In adult trials without strict control on overall food intake, reducing dietary sugar intake was associated with decreases in body weight. Likewise, increases in sugar intake was associated with increases in body weight. 

However, under isoenergetic conditions (same calories), replacing sugars with calorie equivalent macronutrients showed no change in body weight. This suggests the reduction in sugar has a positive effect on weight loss, due to the reduction in calorie intake, not because it is sugar.

 

Conclusions:

Hall’s 2015 and 2016 studies falsify the carbohydrate-insulin model of obesity. Current research points towards energy balance as the mechanism of weight loss and weight gain. Low carb, low fat, portion control, intermittent fasting, or any other weight loss method may find success when trying to achieve a negative energy balance.

 

Reasons you might reduce carbs:

 

> If a lot of your calories come from carbohydrate sources

> If it encourages broadening the diet to include more nutrient dense foods rather than processed foods

> If you find moderating sugar or carb heavy snacks difficult and would prefer to remove them entirely than try to manage them sensibly.

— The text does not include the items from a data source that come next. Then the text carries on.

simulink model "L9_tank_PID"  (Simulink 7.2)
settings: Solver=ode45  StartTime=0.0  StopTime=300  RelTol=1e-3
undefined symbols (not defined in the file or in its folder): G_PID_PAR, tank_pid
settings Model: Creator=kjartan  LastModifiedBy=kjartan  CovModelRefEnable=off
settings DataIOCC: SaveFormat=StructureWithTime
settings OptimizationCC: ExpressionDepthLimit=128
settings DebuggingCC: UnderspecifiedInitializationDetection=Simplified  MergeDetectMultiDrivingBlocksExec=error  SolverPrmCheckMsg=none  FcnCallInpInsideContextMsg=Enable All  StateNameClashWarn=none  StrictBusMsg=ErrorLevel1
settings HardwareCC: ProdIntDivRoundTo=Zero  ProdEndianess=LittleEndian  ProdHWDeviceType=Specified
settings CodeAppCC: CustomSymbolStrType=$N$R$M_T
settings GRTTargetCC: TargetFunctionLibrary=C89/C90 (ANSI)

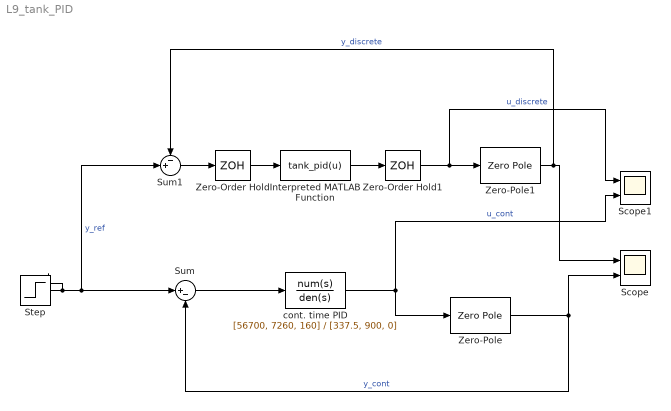
== system L9_tank_PID ==
  Interpreted MATLAB Function : MATLABFcn  MATLABFcn=tank_pid(u)  OutputDimensions=1
  Scope : Scope  NumInputPorts=2
      settings: TimeRange=auto  MaxDataPoints=5000  SaveToWorkspace=off  SaveName=ScopeData  YMin=-0.22125~-5  YMax=1.98198~5  SampleTime=-1
  Scope1 : Scope  NumInputPorts=2
      settings: TimeRange=auto  MaxDataPoints=5000  SaveToWorkspace=off  YMin=-27.54216~-5  YMax=189.72691~5  SampleTime=-1
  Step : Step  SampleTime=0
  Sum : Sum  Inputs=|+-
  Sum1 : Sum  Inputs=-+|
  Zero-Order Hold : ZeroOrderHold  SampleTime=G_PID_PAR.h
  Zero-Order Hold1 : ZeroOrderHold  SampleTime=G_PID_PAR.h
  Zero-Pole : ZeroPole  Zeros=[]  Poles=[-0.0179, -0.0129]  Gain=[0.00048]
  Zero-Pole1 : ZeroPole  Zeros=[]  Poles=[-0.0179, -0.0129]  Gain=[0.00048]
  cont. time PID : TransferFcn  Numerator=[56700, 7260, 160]  Denominator=[337.5, 900, 0]
  wires:
  Sum/1 -> cont. time PID/1
  Zero-Pole/1 -> Scope/2, Sum/2  "y_cont"
  Step/1 -> Sum1/2, Sum/1  "y_ref"
  Zero-Order Hold/1 -> Interpreted MATLAB Function/1
  Interpreted MATLAB Function/1 -> Zero-Order Hold1/1
  Zero-Order Hold1/1 -> Scope1/1, Zero-Pole1/1  "u_discrete"
  cont. time PID/1 -> Scope1/2, Zero-Pole/1  "u_cont"
  Zero-Pole1/1 -> Scope/1, Sum1/1  "y_discrete"
  Sum1/1 -> Zero-Order Hold/1

> If you have a condition such as insulin resistance or PCOS. These conditions are very complex. While raised insulin may not have demonstrated causation of weight gain, it certainly can manipulate other hormones and their role in appetite. When satiety hormones are out of whack, it is not simply a case of “try to eat less”. The brain responds directly to these signals and your “will power” alone will rarely be enough to prevent you consuming additional calories. 

> In a metabolic ward patients have no choice but to adhere to the calories they are given. In the real world, you may find that the practical implications of eating lots of refined sugars within your calorie target will inevitably lead to over consumption and therefore, exceeding your calorie target and gaining weight.

 

Reasons you might not reduce carbs:

> If you are able to sensibly manage the foods you eat to fit within your energy requirements, protein requirements, and micronutrient targets. 

> If you are trying to lose weight and find any other method of achieving a calorie deficit more manageable. 

 

Further Reading and Credits:

> There is a great podcast from Sigma Nutrition in which Kevin Hall speaks in more detail about his two studies above. He also addresses Gary Taubes’ defamatory remarks at a recent low carb conference and Taubes' subsequent apology in relation to these studies. 

> Martin Macdonald is always a valuable source for up to date studies and excellent content. Here is his far more direct view on the insulin hypothesis   

UPDATE AS OF FEBRUARY 2018

> A systematic review and meta-analysis from Sartorius et al (2018) adds further support to the above. "It cannot be concluded that a high-carbohydrate diet or increased percentage of total energy intake in the form of carbohydrates increases the odds of obesity".